The transition happens when the earth cleaves together. Mormon uses the same word (at least the English translation does) that is typically used to describe a bond between people or between man and God in a covenant relation. I know I have quoted this paper many times before, but it is also highly relevant in this context.

The Bible is full of words that describe the creation as a web of life, the role of human beings in guarding and preserving it, and why things went wrong...These bonds of creation formed the great covenant - the word means binding together - and as long as the bonds of the covenant remained in place, people could live in peace and prosperity. The bonds were called the covenant of peace, or the covenant of life and peace (Numbers 25.12; Malachi 2.5). ...The Servants of the LORD had to maintain the covenant of peace. When it was threatened or damaged, they had to do whatever was necessary to restore it. And here we come to the word that forms the title of this talk; righteousness, tsedaqah. Righteousness describes both the action needed to restore the broken covenant, and also the result of that action. Righteous people had been restored to their intended place in the creation, and they then had to work to restore other parts of the covenant system. Righteousness meant the activity of making righteous, protecting and maintaining the covenant.

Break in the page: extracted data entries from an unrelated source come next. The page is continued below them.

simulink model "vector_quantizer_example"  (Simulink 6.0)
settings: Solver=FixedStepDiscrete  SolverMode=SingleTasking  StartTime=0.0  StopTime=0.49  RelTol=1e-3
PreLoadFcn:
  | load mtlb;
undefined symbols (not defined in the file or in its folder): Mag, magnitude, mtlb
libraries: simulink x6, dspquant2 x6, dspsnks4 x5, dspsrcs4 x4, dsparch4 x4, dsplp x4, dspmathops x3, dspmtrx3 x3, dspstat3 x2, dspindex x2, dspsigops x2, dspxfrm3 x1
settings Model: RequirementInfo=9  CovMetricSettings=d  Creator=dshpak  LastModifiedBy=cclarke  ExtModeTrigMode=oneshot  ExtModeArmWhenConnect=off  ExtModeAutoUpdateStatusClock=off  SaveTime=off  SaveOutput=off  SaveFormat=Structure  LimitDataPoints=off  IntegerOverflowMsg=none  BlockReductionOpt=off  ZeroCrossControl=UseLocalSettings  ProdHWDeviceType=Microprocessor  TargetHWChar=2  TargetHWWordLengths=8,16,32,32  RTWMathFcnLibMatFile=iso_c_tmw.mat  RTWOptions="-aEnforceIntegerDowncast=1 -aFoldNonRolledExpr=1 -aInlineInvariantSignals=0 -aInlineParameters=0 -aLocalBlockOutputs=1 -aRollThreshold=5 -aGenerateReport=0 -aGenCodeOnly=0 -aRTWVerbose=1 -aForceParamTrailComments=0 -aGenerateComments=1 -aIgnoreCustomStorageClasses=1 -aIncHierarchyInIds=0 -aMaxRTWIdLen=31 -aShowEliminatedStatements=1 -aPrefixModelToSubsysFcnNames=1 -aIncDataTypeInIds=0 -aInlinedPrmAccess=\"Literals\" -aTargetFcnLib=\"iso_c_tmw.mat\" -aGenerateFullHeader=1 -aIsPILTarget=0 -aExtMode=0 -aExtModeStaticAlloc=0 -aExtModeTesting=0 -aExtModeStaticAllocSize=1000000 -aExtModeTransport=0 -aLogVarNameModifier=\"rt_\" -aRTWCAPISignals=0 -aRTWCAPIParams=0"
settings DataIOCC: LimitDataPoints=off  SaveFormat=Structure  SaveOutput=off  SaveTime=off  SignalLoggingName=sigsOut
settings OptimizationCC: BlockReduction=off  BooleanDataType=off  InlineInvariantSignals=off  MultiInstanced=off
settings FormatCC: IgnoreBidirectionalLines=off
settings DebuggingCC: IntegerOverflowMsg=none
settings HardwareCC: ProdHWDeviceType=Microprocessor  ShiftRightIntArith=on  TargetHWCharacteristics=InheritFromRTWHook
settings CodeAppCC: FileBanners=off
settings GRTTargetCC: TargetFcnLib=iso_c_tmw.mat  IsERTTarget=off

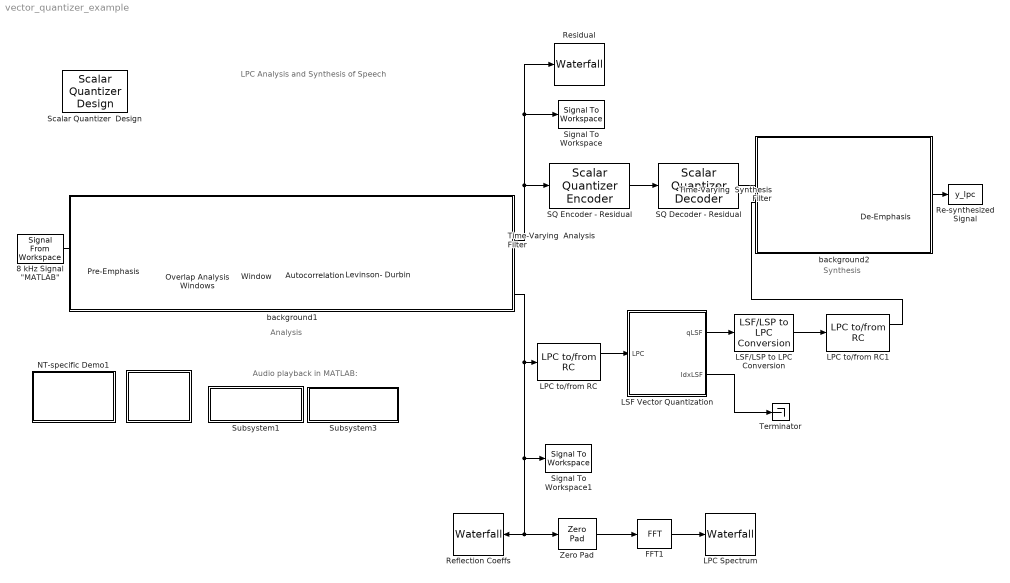
== system vector_quantizer_example ==
  note: LPC Analysis and Synthesis of Speech
  note: Analysis
  note: Synthesis
  note: Audio playback in MATLAB:
  " " : Subsystem
      mask Type: Frame-Based Simulation Info
      mask Display: disp('Info')
  "8 kHz Signal \"MATLAB\"" : dspsrcs4/Signal From Workspace  X=mtlb*0.32  Ts=1/8000  nsamps=80  OutputAfterFinalValue=Setting to zero
  Autocorrelation : dspstat3/Autocorrelation  AllPositiveLags=off  maxlag=12  bias=Biased  domain=Time  roundingMode=Floor  overflowMode=off
  De-Emphasis : dsparch4/Digital Filter  TypePopup=IIR (all poles)  IIRFiltStruct=Direct form II transposed  AllPoleFiltStruct=Direct form  FIRFiltStruct=Direct form  CoeffSource=Specify via dialog  NumCoeffs=[1 -.95]  DenCoeffs=[1 -.95]  BiQuadCoeffs=[1 0.3 0.4 1 0.1 0.2]  LatticeCoeffs=[0.2 0.4]  denIgnore=on  FiltPerSampPopup=One filter per frame  IC=0  ICnum=0  ICden=0  roundingMode=Floor  overflowMode=off
  FFT1 : dspxfrm3/FFT  CompMethod=Table lookup  TableOpt=Speed  BitRevOrder=off  SkipNorm=off  roundingMode=Floor  overflowMode=off
  LPC Spectrum : dspsnks4/Waterfall  TraceProperties=off  NumTraces=10  CMapStr=autumn  TNewest=0.35  TOldest=0.1  HistoryLength=100  HistoryFull=Overwrite  UpdateInterval=1  ExportMode=All visible  MLExportName=ExportData  AutoExport=off  DisplayProperties=off  MouseMode=Orbit  AxisGrid=off  Snapshot=off  Suspend=off  SyncSnapshots=off  OpenScopeAtSimStart=off  FigPos=[452 44 407 353]  CameraView=[89945.9047576273 49093.2447020758 -7462.52930692949 -16.6995606364064 71 5.5 2.5389885178677 -5.30668596526891 0.808418434368868 0.0592442608385446 5.583225828012 14.2 1]  InportDimsHint=[129 1]  AxisProperties=off  AxisColor=[1 1 1]*.9  XLabel=Frequency  YLabel=Mag^2  ZLabel=History  TriggerProperties=off  TrigStartMode=Immediately  TrigStartT=10  TrigStartN=1000  TrigStartFcn=trigPower  TrigStopMode=Never  TrigStopT=0.1  TrigStopN=10  TrigStopFcn=trigend  TrigRearmMode=User-defined  TrigRearmT=0  TrigRearmN=100  TrigRearmFcn=trigrearm  XformProperties=off  XformMode=FFT->Mag dB Fs/2  XformFcn=fliplr  XformExpr=20*log10(abs(u(129:2:end)))
      settings: YMin=-44.6156897764664  YMax=11.2165685036536
  LPC to/from RC : dsplp/LPC to//from RC  conversion=RC to LPC  perr=on  stability=off  error=Replace it with 1
  LPC to/from RC1 : dsplp/LPC to//from RC  conversion=RC to LPC  perr=on  stability=off  error=Replace it with 1
  LSF Vector Quantization : Subsystem
  LSF/LSP to LPC Conversion : dsplp/LSF//LSP to LPC Conversion  input=LSP in range (-1 1)
  Levinson- Durbin : dspsolvers/Levinson-Durbin  coeffOutFcn=K  outP=off  zeroInpHandling=on
  NT-specific Demo1 : Subsystem
      settings: OpenFcn=dsplpc_win32
      mask Type: NT-only Demo
      mask Display: disp('PC/Windows\nLPC Demo')
  Overlap Analysis Windows : dspbuff3/Buffer  N=160  V=80  ic=0
  Pre-Emphasis : dsparch4/Digital Filter  TypePopup=FIR (all zeros)  IIRFiltStruct=Direct form II transposed  AllPoleFiltStruct=Direct form  FIRFiltStruct=Direct form  CoeffSource=Specify via dialog  NumCoeffs=[1 -.95]  DenCoeffs=[1 0.1]  BiQuadCoeffs=[1 0.3 0.4 1 0.1 0.2]  LatticeCoeffs=[0.2 0.4]  denIgnore=on  FiltPerSampPopup=One filter per frame  IC=0  ICnum=0  ICden=0  roundingMode=Floor  overflowMode=off
  Re-synthesized Signal : ToWorkspace  VariableName=y_lpc  SampleTime=-1  SaveFormat=Array
  Reflection Coeffs : dspsnks4/Waterfall  Orientation=left  TraceProperties=off  NumTraces=10  CMapStr=autumn  TNewest=0.7  TOldest=0.1  HistoryLength=50  HistoryFull=Overwrite  UpdateInterval=1  ExportMode=All visible  MLExportName=ExportData2  AutoExport=off  DisplayProperties=off  MouseMode=Orbit  AxisGrid=on  Snapshot=off  Suspend=off  SyncSnapshots=off  OpenScopeAtSimStart=off  FigPos=[35 41 410 358]  CameraView=[73343.0440471642 150383.489958622 -231607.055769344 -0.0735265549347769 7.5 5.5 0.547487828138618 -2.62241953831449 4.03911084299836 0.00240035045613671 1 7.88928028685195 5.25952019123463]  InportDimsHint=[12 1]  AxisProperties=off  AxisColor=[1 1 1]*.9  XLabel=Coefficient  YLabel=RC Amplitude  ZLabel=History  TriggerProperties=off  TrigStartMode=Immediately  TrigStartT=10  TrigStartN=1000  TrigStartFcn=trigPower  TrigStopMode=Never  TrigStopT=0.1  TrigStopN=10  TrigStopFcn=trigend  TrigRearmMode=User-defined  TrigRearmT=0  TrigRearmN=100  TrigRearmFcn=trigrearm  XformProperties=off  XformMode=None  XformFcn=fliplr  XformExpr=20*log10(abs(u(129:2:end)))
      settings: YMin=-1.02418361455266  YMax=0.877130504683106
  Residual : dspsnks4/Waterfall  TraceProperties=off  NumTraces=10  CMapStr=autumn  TNewest=0.7  TOldest=0.1  HistoryLength=50  HistoryFull=Overwrite  UpdateInterval=1  ExportMode=All visible  MLExportName=ExportData2  AutoExport=off  DisplayProperties=off  MouseMode=Orbit  AxisGrid=on  Snapshot=off  Suspend=off  SyncSnapshots=off  OpenScopeAtSimStart=off  FigPos=[524 276 410 358]  CameraView=[62164.2347969079 1792549.89917746 -405278.370332737 -0.097024155318337 44.5 5.5 0.575539043328793 -33.5051317778483 7.57548038023531 0.00104183380472551 1 92.0645761641202 10.3443344004629]  InportDimsHint=[80 1]  AxisProperties=off  AxisColor=[1 1 1]*.9  XLabel=Coefficient  YLabel=Amplitude  ZLabel=History  TriggerProperties=off  TrigStartMode=Immediately  TrigStartT=10  TrigStartN=1000  TrigStartFcn=trigPower  TrigStopMode=Never  TrigStopT=0.1  TrigStopN=10  TrigStopFcn=trigend  TrigRearmMode=User-defined  TrigRearmT=0  TrigRearmN=100  TrigRearmFcn=trigrearm  XformProperties=off  XformMode=None  XformFcn=fliplr  XformExpr=20*log10(abs(u(129:2:end)))
      settings: YMin=-0.580380532484202  YMax=0.386332221847528
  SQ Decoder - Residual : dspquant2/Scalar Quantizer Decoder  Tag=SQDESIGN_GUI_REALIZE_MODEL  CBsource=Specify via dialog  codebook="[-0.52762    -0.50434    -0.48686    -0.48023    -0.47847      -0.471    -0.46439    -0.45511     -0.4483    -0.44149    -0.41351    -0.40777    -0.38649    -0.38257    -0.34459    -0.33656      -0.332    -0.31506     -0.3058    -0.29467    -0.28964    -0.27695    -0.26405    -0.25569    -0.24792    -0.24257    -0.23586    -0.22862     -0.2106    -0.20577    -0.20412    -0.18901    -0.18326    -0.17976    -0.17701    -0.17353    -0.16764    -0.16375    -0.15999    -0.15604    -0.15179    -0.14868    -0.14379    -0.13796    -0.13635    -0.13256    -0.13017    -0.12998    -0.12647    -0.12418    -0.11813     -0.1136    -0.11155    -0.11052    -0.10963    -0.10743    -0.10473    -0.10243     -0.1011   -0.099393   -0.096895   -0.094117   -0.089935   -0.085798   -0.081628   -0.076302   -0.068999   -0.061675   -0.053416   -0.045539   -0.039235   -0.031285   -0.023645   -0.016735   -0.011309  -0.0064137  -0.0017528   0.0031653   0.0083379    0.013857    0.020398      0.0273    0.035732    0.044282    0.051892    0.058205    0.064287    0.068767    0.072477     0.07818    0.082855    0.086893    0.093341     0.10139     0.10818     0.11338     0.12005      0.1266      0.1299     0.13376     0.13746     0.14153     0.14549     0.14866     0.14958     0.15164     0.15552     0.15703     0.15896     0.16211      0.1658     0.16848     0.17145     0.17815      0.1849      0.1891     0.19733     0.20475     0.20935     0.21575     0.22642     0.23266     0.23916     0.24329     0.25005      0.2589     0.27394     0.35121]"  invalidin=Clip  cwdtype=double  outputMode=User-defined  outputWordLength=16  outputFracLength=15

The events in 3 Nephi 8-10, make much sense with this backdrop. Prior to these chapters, there is much wickedness. The earth responds with huge natural disasters and is certainly not at rest. The wicked are destroyed and the earth eventually restored to a peaceful state, cleaving together. As a parallel event, the people who remain turn from a state of unrest and sorrow to joy. After Mormon has described these parallel events, he goes on to say:

And it was the more righteous part of the people who were saved (3 Nephi 10:12)

Just like the earth cleaved together, righteous people will cleave to their God and maintain the bonds of creation. This was the way to restore the harmony and prepare for his coming to the Nephites in the next chapter. Similarly, we need to be righteous and cleave to our covenants and our God to prepare for His second coming.

Monday, March 22, 2021

King Benjamin, עָבַד (ʿābad), and שָׁמַר (šāmar)

Occasionally I see interesting things in the Book of Mormon which make me wish I had advanced degrees in ancient languages so I could do a more rigorous investigation.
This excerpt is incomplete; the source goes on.